* **What this task involves**
Give again, word for word, each line below starting at the one that contains "#89=ORIENTED_EDGE('',*,*,#88,.F.);" and ending at the one that contains "#104=EDGE_CURVE('E271',#103,#95,#101,.F.);".

Records contained in a dataset:
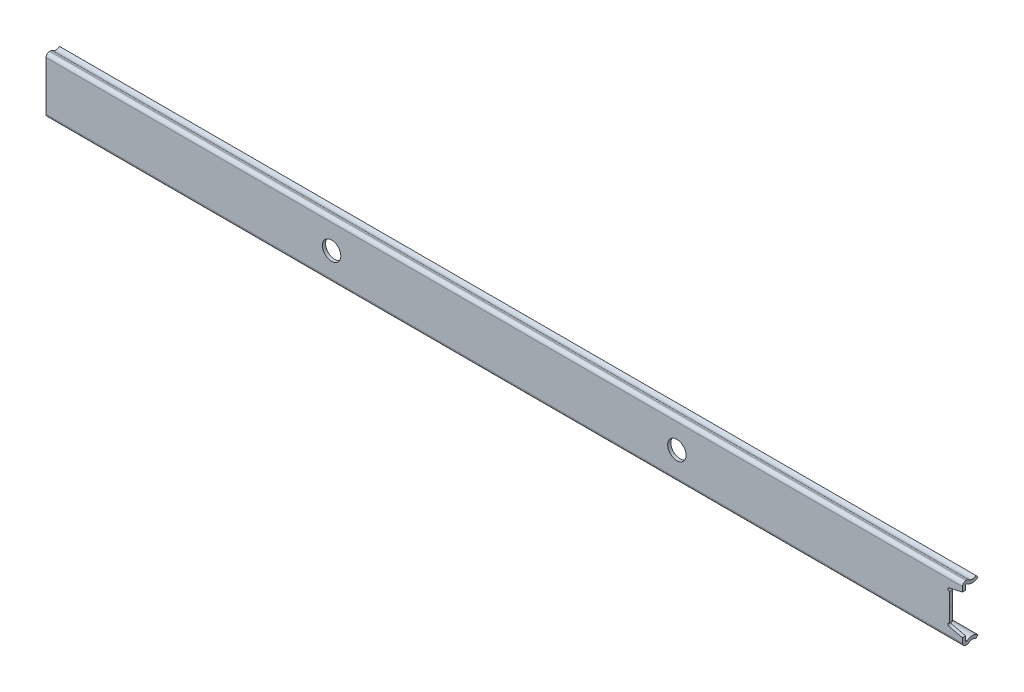
ISO-10303-21;
HEADER;
FILE_DESCRIPTION(('STEP AP214'),'2;1');
FILE_NAME('part.step','',(''),(''),'','','');
FILE_SCHEMA(('AUTOMOTIVE_DESIGN { 1 0 10303 214 1 1 1 1 }'));
ENDSEC;
DATA;
#1=APPLICATION_CONTEXT('core data for automotive mechanical design processes');
#2=APPLICATION_PROTOCOL_DEFINITION('international standard','automotive_design',2000,#1);
#3=PRODUCT_CONTEXT('',#1,'mechanical');
#4=PRODUCT('Part','Part','',(#3));
#5=PRODUCT_RELATED_PRODUCT_CATEGORY('part','',(#4));
#6=PRODUCT_DEFINITION_FORMATION('','',#4);
#7=PRODUCT_DEFINITION_CONTEXT('part definition',#1,'design');
#8=PRODUCT_DEFINITION('design','',#6,#7);
#9=PRODUCT_DEFINITION_SHAPE('','',#8);
#10=(LENGTH_UNIT() NAMED_UNIT(*) SI_UNIT(.MILLI.,.METRE.));
#11=(NAMED_UNIT(*) PLANE_ANGLE_UNIT() SI_UNIT($,.RADIAN.));
#12=(NAMED_UNIT(*) SI_UNIT($,.STERADIAN.) SOLID_ANGLE_UNIT());
#13=UNCERTAINTY_MEASURE_WITH_UNIT(LENGTH_MEASURE(1.E-05),#10,'distance_accuracy_value','');
#14=(GEOMETRIC_REPRESENTATION_CONTEXT(3) GLOBAL_UNCERTAINTY_ASSIGNED_CONTEXT((#13)) GLOBAL_UNIT_ASSIGNED_CONTEXT((#10,
#11,#12)) REPRESENTATION_CONTEXT('',''));
#15=CARTESIAN_POINT('',(0.,0.,0.));
#16=DIRECTION('',(0.,0.,1.));
#17=DIRECTION('',(1.,0.,0.));
#18=AXIS2_PLACEMENT_3D('',#15,#16,#17);
#19=CARTESIAN_POINT('',(-206.375,0.,5.6642));
#20=DIRECTION('',(0.,0.,-1.));
#21=DIRECTION('',(-1.,0.,0.));
#22=AXIS2_PLACEMENT_3D('',#19,#20,#21);
#23=PLANE('',#22);
#24=CARTESIAN_POINT('',(-480.4475,0.,5.6642));
#25=DIRECTION('',(0.,0.,-1.));
#26=DIRECTION('',(-1.,0.,0.));
#27=AXIS2_PLACEMENT_3D('',#24,#25,#26);
#28=CIRCLE('',#27,3.99999999999999);
#29=CARTESIAN_POINT('',(-484.4475,0.,5.6642));
#30=VERTEX_POINT('',#29);
#31=EDGE_CURVE('E508',#30,#30,#28,.T.);
#32=ORIENTED_EDGE('',*,*,#31,.F.);
#33=EDGE_LOOP('',(#32));
#34=FACE_BOUND('',#33,.T.);
#35=CARTESIAN_POINT('',(-330.4475,0.,5.6642));
#36=DIRECTION('',(0.,0.,-1.));
#37=DIRECTION('',(-1.,0.,0.));
#38=AXIS2_PLACEMENT_3D('',#35,#36,#37);
#39=CIRCLE('',#38,3.99999999999999);
#40=CARTESIAN_POINT('',(-334.4475,0.,5.6642));
#41=VERTEX_POINT('',#40);
#42=EDGE_CURVE('E237',#41,#41,#39,.T.);
#43=ORIENTED_EDGE('',*,*,#42,.F.);
#44=EDGE_LOOP('',(#43));
#45=FACE_BOUND('',#44,.T.);
#46=DIRECTION('',(-0.973808335896882,-0.227370457486774,0.));
#47=VECTOR('',#46,1.);
#48=CARTESIAN_POINT('',(-206.375,8.58928584446216,5.6642));
#49=LINE('',#48,#47);
#50=CARTESIAN_POINT('',(-206.375,8.58928584446216,5.6642));
#51=VERTEX_POINT('',#50);
#52=CARTESIAN_POINT('',(-212.234326456802,7.22121608377307,5.6642));
#53=VERTEX_POINT('',#52);
#54=EDGE_CURVE('E52',#51,#53,#49,.T.);
#55=ORIENTED_EDGE('',*,*,#54,.T.);
#56=CARTESIAN_POINT('',(-212.089946226526,6.60284783428301,5.6642));
#57=DIRECTION('',(0.,0.,-1.));
#58=DIRECTION('',(-1.,0.,0.));
#59=AXIS2_PLACEMENT_3D('',#56,#57,#58);
#60=CIRCLE('',#59,0.634999955017367);
#61=CARTESIAN_POINT('',(-212.089951397954,5.9678478792867,5.6642));
#62=VERTEX_POINT('',#61);
#63=EDGE_CURVE('E304',#53,#62,#60,.F.);
#64=ORIENTED_EDGE('',*,*,#63,.T.);
#65=DIRECTION('',(-8.14398201597397E-06,-0.999999999966838,0.));
#66=VECTOR('',#65,1.);
#67=CARTESIAN_POINT('',(-212.089951397954,5.9678478792867,5.6642));
#68=LINE('',#67,#66);
#69=CARTESIAN_POINT('',(-212.09,0.,5.6642));
#70=VERTEX_POINT('',#69);
#71=EDGE_CURVE('E241',#62,#70,#68,.T.);
#72=ORIENTED_EDGE('',*,*,#71,.T.);
#73=DIRECTION('',(-8.14398201597397E-06,0.999999999966838,0.));
#74=VECTOR('',#73,1.);
#75=CARTESIAN_POINT('',(-212.089951397954,-5.9678478792867,5.6642));
#76=LINE('',#75,#74);
#77=CARTESIAN_POINT('',(-212.089951397954,-5.9678478792867,5.6642));
#78=VERTEX_POINT('',#77);
#79=EDGE_CURVE('E220',#78,#70,#76,.T.);
#80=ORIENTED_EDGE('',*,*,#79,.F.);
#81=CARTESIAN_POINT('',(-212.089946226526,-6.60284783428301,5.6642));
#82=DIRECTION('',(0.,0.,1.));
#83=DIRECTION('',(-1.,0.,0.));
#84=AXIS2_PLACEMENT_3D('',#81,#82,#83);
#85=CIRCLE('',#84,0.634999955017367);
#86=CARTESIAN_POINT('',(-212.234326456802,-7.22121608377307,5.6642));
#87=VERTEX_POINT('',#86);
#88=EDGE_CURVE('E231',#87,#78,#85,.F.);
#89=ORIENTED_EDGE('',*,*,#88,.F.);
#90=DIRECTION('',(-0.973808335896882,0.227370457486774,0.));
#91=VECTOR('',#90,1.);
#92=CARTESIAN_POINT('',(-206.375,-8.58928584446216,5.6642));
#93=LINE('',#92,#91);
#94=CARTESIAN_POINT('',(-206.375,-8.58928584446216,5.6642));
#95=VERTEX_POINT('',#94);
#96=EDGE_CURVE('E236',#95,#87,#93,.T.);
#97=ORIENTED_EDGE('',*,*,#96,.F.);
#98=DIRECTION('',(0.,-1.,0.));
#99=VECTOR('',#98,1.);
#100=CARTESIAN_POINT('',(-206.375,0.,5.6642));
#101=LINE('',#100,#99);
#102=CARTESIAN_POINT('',(-206.375,-10.6234864827049,5.6642));
#103=VERTEX_POINT('',#102);
#104=EDGE_CURVE('E271',#103,#95,#101,.F.);
#105=ORIENTED_EDGE('',*,*,#104,.F.);
#106=DIRECTION('',(-1.,0.,0.));
#107=VECTOR('',#106,1.);
#108=CARTESIAN_POINT('',(-206.375,-10.6234864827049,5.6642));
#109=LINE('',#108,#107);
#110=CARTESIAN_POINT('',(-604.52,-10.6234864827049,5.6642));
#111=VERTEX_POINT('',#110);
#112=EDGE_CURVE('E301',#103,#111,#109,.T.);
#113=ORIENTED_EDGE('',*,*,#112,.T.);
#114=DIRECTION('',(0.,-1.,0.));
#115=VECTOR('',#114,1.);
#116=CARTESIAN_POINT('',(-604.52,0.,5.6642));
#117=LINE('',#116,#115);
#118=CARTESIAN_POINT('',(-604.52,10.6234864827049,5.6642));
#119=VERTEX_POINT('',#118);
#120=EDGE_CURVE('E374',#119,#111,#117,.T.);
#121=ORIENTED_EDGE('',*,*,#120,.F.);
#122=DIRECTION('',(-1.,0.,0.));
#123=VECTOR('',#122,1.);
#124=CARTESIAN_POINT('',(-206.375,10.6234864827049,5.6642));
#125=LINE('',#124,#123);
#126=CARTESIAN_POINT('',(-206.375,10.6234864827049,5.6642));
#127=VERTEX_POINT('',#126);
#128=EDGE_CURVE('E11',#127,#119,#125,.T.);
#129=ORIENTED_EDGE('',*,*,#128,.F.);
#130=DIRECTION('',(0.,1.,0.));
#131=VECTOR('',#130,1.);
#132=CARTESIAN_POINT('',(-206.375,0.,5.6642));
#133=LINE('',#132,#131);
#134=EDGE_CURVE('E376',#127,#51,#133,.F.);
#135=ORIENTED_EDGE('',*,*,#134,.T.);
#136=EDGE_LOOP('',(#55,#64,#72,#80,#89,#97,#105,#113,#121,#129,#135));
#137=FACE_BOUND('',#136,.T.);
#138=ADVANCED_FACE('F36',(#34,#45,#137),#23,.T.);
#139=CARTESIAN_POINT('',(-206.375,10.6234864827049,5.53720000000239));
#140=DIRECTION('',(-1.,0.,0.));
#141=DIRECTION('',(0.,0.,1.));
#142=AXIS2_PLACEMENT_3D('',#139,#140,#141);
#143=CYLINDRICAL_SURFACE('',#142,0.126999999997611);
#144=CARTESIAN_POINT('',(-604.52,10.6234864827049,5.53720000000239));
#145=DIRECTION('',(1.,0.,0.));
#146=DIRECTION('',(0.,0.,-1.));
#147=AXIS2_PLACEMENT_3D('',#144,#145,#146);
#148=CIRCLE('',#147,0.126999999997611);
#149=CARTESIAN_POINT('',(-604.52,10.7504864827025,5.53720000000239));
#150=VERTEX_POINT('',#149);
#151=EDGE_CURVE('E372',#150,#119,#148,.T.);
#152=ORIENTED_EDGE('',*,*,#151,.F.);
#153=DIRECTION('',(-1.,0.,0.));
#154=VECTOR('',#153,1.);
#155=CARTESIAN_POINT('',(-206.375,10.7504864827025,5.53720000000239));
#156=LINE('',#155,#154);
#157=CARTESIAN_POINT('',(-206.375,10.7504864827025,5.53720000000239));
#158=VERTEX_POINT('',#157);
#159=EDGE_CURVE('E44',#158,#150,#156,.T.);
#160=ORIENTED_EDGE('',*,*,#159,.F.);
#161=CARTESIAN_POINT('',(-206.375,10.6234864827049,5.53720000000239));
#162=DIRECTION('',(-1.,0.,0.));
#163=DIRECTION('',(0.,0.,1.));
#164=AXIS2_PLACEMENT_3D('',#161,#162,#163);
#165=CIRCLE('',#164,0.126999999997611);
#166=EDGE_CURVE('E400',#158,#127,#165,.F.);
#167=ORIENTED_EDGE('',*,*,#166,.T.);
#168=ORIENTED_EDGE('',*,*,#128,.T.);
#169=EDGE_LOOP('',(#152,#160,#167,#168));
#170=FACE_BOUND('',#169,.T.);
#171=ADVANCED_FACE('F470',(#170),#143,.F.);
#172=CARTESIAN_POINT('',(-206.375,10.7504864827025,5.53720000000239));
#173=DIRECTION('',(0.,-1.,0.));
#174=DIRECTION('',(0.,0.,-1.));
#175=AXIS2_PLACEMENT_3D('',#172,#173,#174);
#176=PLANE('',#175);
#177=DIRECTION('',(0.,0.,1.));
#178=VECTOR('',#177,1.);
#179=CARTESIAN_POINT('',(-604.52,10.7504864827025,5.53720000000239));
#180=LINE('',#179,#178);
#181=CARTESIAN_POINT('',(-604.52,10.7504864827025,5.16434145501836));
#182=VERTEX_POINT('',#181);
#183=EDGE_CURVE('E370',#182,#150,#180,.T.);
#184=ORIENTED_EDGE('',*,*,#183,.F.);
#185=DIRECTION('',(-1.,0.,0.));
#186=VECTOR('',#185,1.);
#187=CARTESIAN_POINT('',(-206.375,10.7504864827025,5.16434145501836));
#188=LINE('',#187,#186);
#189=CARTESIAN_POINT('',(-206.375,10.7504864827025,5.16434145501836));
#190=VERTEX_POINT('',#189);
#191=EDGE_CURVE('E405',#190,#182,#188,.T.);
#192=ORIENTED_EDGE('',*,*,#191,.F.);
#193=DIRECTION('',(0.,0.,1.));
#194=VECTOR('',#193,1.);
#195=CARTESIAN_POINT('',(-206.375,10.7504864827025,5.53720000000239));
#196=LINE('',#195,#194);
#197=EDGE_CURVE('E397',#190,#158,#196,.T.);
#198=ORIENTED_EDGE('',*,*,#197,.T.);
#199=ORIENTED_EDGE('',*,*,#159,.T.);
#200=EDGE_LOOP('',(#184,#192,#198,#199));
#201=FACE_BOUND('',#200,.T.);
#202=ADVANCED_FACE('F467',(#201),#176,.T.);
#203=CARTESIAN_POINT('',(-206.375,10.623486496186,5.16434145501836));
#204=DIRECTION('',(-1.,0.,0.));
#205=DIRECTION('',(0.,0.,1.));
#206=AXIS2_PLACEMENT_3D('',#203,#204,#205);
#207=CYLINDRICAL_SURFACE('',#206,0.126999986516504);
#208=CARTESIAN_POINT('',(-604.52,10.623486496186,5.16434145501836));
#209=DIRECTION('',(1.,0.,0.));
#210=DIRECTION('',(0.,0.,-1.));
#211=AXIS2_PLACEMENT_3D('',#208,#209,#210);
#212=CIRCLE('',#211,0.126999986516504);
#213=CARTESIAN_POINT('',(-604.52,10.724235862547,5.08702029521689));
#214=VERTEX_POINT('',#213);
#215=EDGE_CURVE('E368',#214,#182,#212,.T.);
#216=ORIENTED_EDGE('',*,*,#215,.F.);
#217=DIRECTION('',(-1.,0.,0.));
#218=VECTOR('',#217,1.);
#219=CARTESIAN_POINT('',(-206.375,10.724235862547,5.08702029521689));
#220=LINE('',#219,#218);
#221=CARTESIAN_POINT('',(-206.375,10.724235862547,5.08702029521689));
#222=VERTEX_POINT('',#221);
#223=EDGE_CURVE('E408',#222,#214,#220,.T.);
#224=ORIENTED_EDGE('',*,*,#223,.F.);
#225=CARTESIAN_POINT('',(-206.375,10.623486496186,5.16434145501836));
#226=DIRECTION('',(-1.,0.,0.));
#227=DIRECTION('',(0.,0.,1.));
#228=AXIS2_PLACEMENT_3D('',#225,#226,#227);
#229=CIRCLE('',#228,0.126999986516504);
#230=EDGE_CURVE('E394',#222,#190,#229,.F.);
#231=ORIENTED_EDGE('',*,*,#230,.T.);
#232=ORIENTED_EDGE('',*,*,#191,.T.);
#233=EDGE_LOOP('',(#216,#224,#231,#232));
#234=FACE_BOUND('',#233,.T.);
#235=ADVANCED_FACE('F460',(#234),#207,.F.);
#236=CARTESIAN_POINT('',(-206.375,13.7451343630532,2.7686));
#237=DIRECTION('',(-1.,0.,0.));
#238=DIRECTION('',(0.,0.,1.));
#239=AXIS2_PLACEMENT_3D('',#236,#237,#238);
#240=CYLINDRICAL_SURFACE('',#239,3.80800478146149);
#241=CARTESIAN_POINT('',(-604.52,13.7451343630532,2.7686));
#242=DIRECTION('',(1.,0.,0.));
#243=DIRECTION('',(0.,0.,-1.));
#244=AXIS2_PLACEMENT_3D('',#241,#242,#243);
#245=CIRCLE('',#244,3.80800478146149);
#246=CARTESIAN_POINT('',(-604.52,10.8422195776757,0.304054166693024));
#247=VERTEX_POINT('',#246);
#248=EDGE_CURVE('E366',#247,#214,#245,.F.);
#249=ORIENTED_EDGE('',*,*,#248,.F.);
#250=DIRECTION('',(-1.,0.,0.));
#251=VECTOR('',#250,1.);
#252=CARTESIAN_POINT('',(-206.375,10.8422195776757,0.304054166693023));
#253=LINE('',#252,#251);
#254=CARTESIAN_POINT('',(-206.375,10.8422195776757,0.304054166693023));
#255=VERTEX_POINT('',#254);
#256=EDGE_CURVE('E411',#255,#247,#253,.T.);
#257=ORIENTED_EDGE('',*,*,#256,.F.);
#258=CARTESIAN_POINT('',(-206.375,13.7451343630532,2.7686));
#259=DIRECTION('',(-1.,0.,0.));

* **Exercise answer**
#89=ORIENTED_EDGE('',*,*,#88,.F.);
#90=DIRECTION('',(-0.973808335896882,0.227370457486774,0.));
#91=VECTOR('',#90,1.);
#92=CARTESIAN_POINT('',(-206.375,-8.58928584446216,5.6642));
#93=LINE('',#92,#91);
#94=CARTESIAN_POINT('',(-206.375,-8.58928584446216,5.6642));
#95=VERTEX_POINT('',#94);
#96=EDGE_CURVE('E236',#95,#87,#93,.T.);
#97=ORIENTED_EDGE('',*,*,#96,.F.);
#98=DIRECTION('',(0.,-1.,0.));
#99=VECTOR('',#98,1.);
#100=CARTESIAN_POINT('',(-206.375,0.,5.6642));
#101=LINE('',#100,#99);
#102=CARTESIAN_POINT('',(-206.375,-10.6234864827049,5.6642));
#103=VERTEX_POINT('',#102);
#104=EDGE_CURVE('E271',#103,#95,#101,.F.);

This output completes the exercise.